>>>>

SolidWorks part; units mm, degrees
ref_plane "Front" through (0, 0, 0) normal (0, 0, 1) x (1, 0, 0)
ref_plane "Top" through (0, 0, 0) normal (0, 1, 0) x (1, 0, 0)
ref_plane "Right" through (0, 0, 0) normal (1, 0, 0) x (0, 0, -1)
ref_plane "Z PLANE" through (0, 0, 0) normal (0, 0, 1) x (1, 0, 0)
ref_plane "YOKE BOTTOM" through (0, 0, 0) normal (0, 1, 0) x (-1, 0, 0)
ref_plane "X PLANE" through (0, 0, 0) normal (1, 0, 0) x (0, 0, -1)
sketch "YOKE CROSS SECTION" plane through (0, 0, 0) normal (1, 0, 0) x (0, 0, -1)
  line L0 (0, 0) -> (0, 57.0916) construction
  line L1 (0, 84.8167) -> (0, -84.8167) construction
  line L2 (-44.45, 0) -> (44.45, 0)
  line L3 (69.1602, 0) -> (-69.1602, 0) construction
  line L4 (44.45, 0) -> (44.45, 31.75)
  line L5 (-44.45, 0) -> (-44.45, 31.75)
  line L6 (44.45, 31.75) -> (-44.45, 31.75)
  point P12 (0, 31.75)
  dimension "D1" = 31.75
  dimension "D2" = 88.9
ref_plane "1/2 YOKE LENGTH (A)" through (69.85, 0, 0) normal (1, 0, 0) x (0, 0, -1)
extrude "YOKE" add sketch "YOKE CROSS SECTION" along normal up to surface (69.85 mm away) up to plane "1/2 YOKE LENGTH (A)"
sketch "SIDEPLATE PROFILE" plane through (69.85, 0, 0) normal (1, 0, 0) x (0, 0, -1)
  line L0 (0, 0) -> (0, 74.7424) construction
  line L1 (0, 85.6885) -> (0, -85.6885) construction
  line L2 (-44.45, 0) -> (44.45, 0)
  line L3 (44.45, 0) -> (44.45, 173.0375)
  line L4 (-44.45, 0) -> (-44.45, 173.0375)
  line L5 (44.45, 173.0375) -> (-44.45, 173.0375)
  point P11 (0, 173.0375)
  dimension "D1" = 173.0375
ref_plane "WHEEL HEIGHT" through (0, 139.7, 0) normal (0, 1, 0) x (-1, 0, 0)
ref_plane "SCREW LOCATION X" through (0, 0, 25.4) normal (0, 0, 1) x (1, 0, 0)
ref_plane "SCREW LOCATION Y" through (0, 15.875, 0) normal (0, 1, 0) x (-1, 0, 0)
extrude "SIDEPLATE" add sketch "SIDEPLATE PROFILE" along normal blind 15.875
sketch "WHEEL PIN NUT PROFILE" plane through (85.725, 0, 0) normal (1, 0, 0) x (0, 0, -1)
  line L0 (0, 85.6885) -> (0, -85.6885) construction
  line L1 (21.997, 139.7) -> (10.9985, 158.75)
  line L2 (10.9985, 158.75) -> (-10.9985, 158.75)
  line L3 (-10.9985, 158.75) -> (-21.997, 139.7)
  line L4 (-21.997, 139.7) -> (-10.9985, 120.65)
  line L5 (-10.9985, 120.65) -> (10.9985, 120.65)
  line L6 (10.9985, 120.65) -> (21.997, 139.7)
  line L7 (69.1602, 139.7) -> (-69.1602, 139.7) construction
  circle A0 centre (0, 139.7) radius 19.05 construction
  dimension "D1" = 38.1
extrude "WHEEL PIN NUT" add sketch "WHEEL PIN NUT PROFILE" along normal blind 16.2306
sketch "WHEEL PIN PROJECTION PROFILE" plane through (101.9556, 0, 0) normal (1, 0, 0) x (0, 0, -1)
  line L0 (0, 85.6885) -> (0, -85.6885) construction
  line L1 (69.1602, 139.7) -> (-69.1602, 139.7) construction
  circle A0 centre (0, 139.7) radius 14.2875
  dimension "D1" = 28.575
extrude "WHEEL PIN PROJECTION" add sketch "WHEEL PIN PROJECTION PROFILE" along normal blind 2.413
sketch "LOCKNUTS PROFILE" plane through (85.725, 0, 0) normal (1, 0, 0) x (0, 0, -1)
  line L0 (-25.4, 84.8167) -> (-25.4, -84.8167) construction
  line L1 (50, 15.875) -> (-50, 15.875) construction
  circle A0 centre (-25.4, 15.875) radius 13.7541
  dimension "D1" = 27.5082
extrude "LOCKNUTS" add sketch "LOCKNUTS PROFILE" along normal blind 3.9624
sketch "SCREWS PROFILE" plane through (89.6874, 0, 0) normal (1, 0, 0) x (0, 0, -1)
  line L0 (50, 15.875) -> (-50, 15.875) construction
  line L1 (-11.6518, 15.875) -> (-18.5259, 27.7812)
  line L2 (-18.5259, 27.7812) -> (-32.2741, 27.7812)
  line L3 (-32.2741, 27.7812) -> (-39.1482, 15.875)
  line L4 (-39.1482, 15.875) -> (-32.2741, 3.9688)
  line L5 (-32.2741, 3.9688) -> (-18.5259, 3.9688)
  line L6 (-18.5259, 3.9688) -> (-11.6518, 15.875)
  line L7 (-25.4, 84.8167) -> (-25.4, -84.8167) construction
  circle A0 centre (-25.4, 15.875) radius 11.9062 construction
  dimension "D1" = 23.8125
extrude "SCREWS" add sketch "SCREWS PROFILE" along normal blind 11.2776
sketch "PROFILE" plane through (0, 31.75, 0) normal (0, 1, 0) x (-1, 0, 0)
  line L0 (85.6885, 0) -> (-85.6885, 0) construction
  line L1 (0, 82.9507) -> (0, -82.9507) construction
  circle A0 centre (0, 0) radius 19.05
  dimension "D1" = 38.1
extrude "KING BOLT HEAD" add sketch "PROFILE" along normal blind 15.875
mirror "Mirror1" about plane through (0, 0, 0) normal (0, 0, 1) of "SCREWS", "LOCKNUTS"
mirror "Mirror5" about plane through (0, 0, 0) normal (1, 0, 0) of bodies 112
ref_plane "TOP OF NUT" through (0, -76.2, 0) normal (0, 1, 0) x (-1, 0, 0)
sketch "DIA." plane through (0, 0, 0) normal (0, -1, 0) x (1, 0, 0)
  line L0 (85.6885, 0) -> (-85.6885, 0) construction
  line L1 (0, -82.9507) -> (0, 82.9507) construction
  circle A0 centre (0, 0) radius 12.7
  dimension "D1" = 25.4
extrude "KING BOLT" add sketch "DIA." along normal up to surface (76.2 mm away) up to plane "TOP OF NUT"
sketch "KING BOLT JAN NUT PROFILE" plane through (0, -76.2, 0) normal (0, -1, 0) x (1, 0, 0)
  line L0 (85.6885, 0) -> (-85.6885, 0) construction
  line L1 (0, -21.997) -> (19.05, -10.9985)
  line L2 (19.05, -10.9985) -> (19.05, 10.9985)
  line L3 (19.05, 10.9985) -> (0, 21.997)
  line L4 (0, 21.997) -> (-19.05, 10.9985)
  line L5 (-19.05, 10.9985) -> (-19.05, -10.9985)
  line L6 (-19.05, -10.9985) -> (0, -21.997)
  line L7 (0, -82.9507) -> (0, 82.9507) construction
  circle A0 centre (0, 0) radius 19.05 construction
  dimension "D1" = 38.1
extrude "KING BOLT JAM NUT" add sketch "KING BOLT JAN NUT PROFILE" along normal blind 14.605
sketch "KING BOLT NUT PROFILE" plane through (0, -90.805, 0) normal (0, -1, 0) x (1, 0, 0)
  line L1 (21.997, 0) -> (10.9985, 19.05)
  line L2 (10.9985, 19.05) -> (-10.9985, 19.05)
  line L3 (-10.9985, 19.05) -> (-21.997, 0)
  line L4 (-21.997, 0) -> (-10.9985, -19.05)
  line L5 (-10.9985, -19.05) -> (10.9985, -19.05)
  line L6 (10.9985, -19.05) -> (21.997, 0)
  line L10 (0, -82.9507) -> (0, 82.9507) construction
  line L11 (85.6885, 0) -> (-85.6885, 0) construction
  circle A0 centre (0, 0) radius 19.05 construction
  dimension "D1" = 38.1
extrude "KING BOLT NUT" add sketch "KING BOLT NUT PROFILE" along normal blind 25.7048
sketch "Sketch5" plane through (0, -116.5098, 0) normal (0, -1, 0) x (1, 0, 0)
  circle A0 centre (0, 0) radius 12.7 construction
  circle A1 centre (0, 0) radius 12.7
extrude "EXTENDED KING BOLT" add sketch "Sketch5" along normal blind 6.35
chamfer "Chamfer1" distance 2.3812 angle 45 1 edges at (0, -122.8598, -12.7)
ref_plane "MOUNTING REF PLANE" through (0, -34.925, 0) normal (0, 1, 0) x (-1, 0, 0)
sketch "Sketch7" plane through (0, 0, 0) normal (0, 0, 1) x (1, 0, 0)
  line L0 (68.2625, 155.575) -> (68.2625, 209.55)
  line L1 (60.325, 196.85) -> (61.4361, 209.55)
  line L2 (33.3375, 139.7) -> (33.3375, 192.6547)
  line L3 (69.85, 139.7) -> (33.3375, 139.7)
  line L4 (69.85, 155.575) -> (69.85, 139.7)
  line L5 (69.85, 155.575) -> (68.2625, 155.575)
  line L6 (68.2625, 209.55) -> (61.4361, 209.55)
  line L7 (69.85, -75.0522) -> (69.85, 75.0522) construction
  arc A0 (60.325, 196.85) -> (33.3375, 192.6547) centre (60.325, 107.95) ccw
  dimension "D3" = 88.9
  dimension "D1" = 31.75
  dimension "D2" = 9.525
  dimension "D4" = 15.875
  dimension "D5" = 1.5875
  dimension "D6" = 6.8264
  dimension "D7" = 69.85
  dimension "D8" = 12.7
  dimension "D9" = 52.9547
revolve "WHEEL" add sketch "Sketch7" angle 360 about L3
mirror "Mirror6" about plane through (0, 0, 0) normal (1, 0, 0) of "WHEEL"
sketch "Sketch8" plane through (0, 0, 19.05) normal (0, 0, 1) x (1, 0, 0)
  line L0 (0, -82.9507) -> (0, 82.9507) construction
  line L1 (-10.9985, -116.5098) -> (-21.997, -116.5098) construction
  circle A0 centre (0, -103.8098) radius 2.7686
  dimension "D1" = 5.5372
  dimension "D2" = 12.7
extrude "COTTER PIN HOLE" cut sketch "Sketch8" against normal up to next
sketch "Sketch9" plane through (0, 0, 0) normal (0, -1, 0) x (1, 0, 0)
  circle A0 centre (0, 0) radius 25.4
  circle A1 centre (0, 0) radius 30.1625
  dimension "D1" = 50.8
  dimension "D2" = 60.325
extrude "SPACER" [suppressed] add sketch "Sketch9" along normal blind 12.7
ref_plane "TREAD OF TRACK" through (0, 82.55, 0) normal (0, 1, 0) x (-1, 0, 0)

<<<<

● Problem description: Retype the listing above, word for word, from its first line to the line containing "line L0 (0, 0) -> (0, 74.7424) construction", both ends included.

● Solution to the problem:
SolidWorks part; units mm, degrees
ref_plane "Front" through (0, 0, 0) normal (0, 0, 1) x (1, 0, 0)
ref_plane "Top" through (0, 0, 0) normal (0, 1, 0) x (1, 0, 0)
ref_plane "Right" through (0, 0, 0) normal (1, 0, 0) x (0, 0, -1)
ref_plane "Z PLANE" through (0, 0, 0) normal (0, 0, 1) x (1, 0, 0)
ref_plane "YOKE BOTTOM" through (0, 0, 0) normal (0, 1, 0) x (-1, 0, 0)
ref_plane "X PLANE" through (0, 0, 0) normal (1, 0, 0) x (0, 0, -1)
sketch "YOKE CROSS SECTION" plane through (0, 0, 0) normal (1, 0, 0) x (0, 0, -1)
  line L0 (0, 0) -> (0, 57.0916) construction
  line L1 (0, 84.8167) -> (0, -84.8167) construction
  line L2 (-44.45, 0) -> (44.45, 0)
  line L3 (69.1602, 0) -> (-69.1602, 0) construction
  line L4 (44.45, 0) -> (44.45, 31.75)
  line L5 (-44.45, 0) -> (-44.45, 31.75)
  line L6 (44.45, 31.75) -> (-44.45, 31.75)
  point P12 (0, 31.75)
  dimension "D1" = 31.75
  dimension "D2" = 88.9
ref_plane "1/2 YOKE LENGTH (A)" through (69.85, 0, 0) normal (1, 0, 0) x (0, 0, -1)
extrude "YOKE" add sketch "YOKE CROSS SECTION" along normal up to surface (69.85 mm away) up to plane "1/2 YOKE LENGTH (A)"
sketch "SIDEPLATE PROFILE" plane through (69.85, 0, 0) normal (1, 0, 0) x (0, 0, -1)
  line L0 (0, 0) -> (0, 74.7424) construction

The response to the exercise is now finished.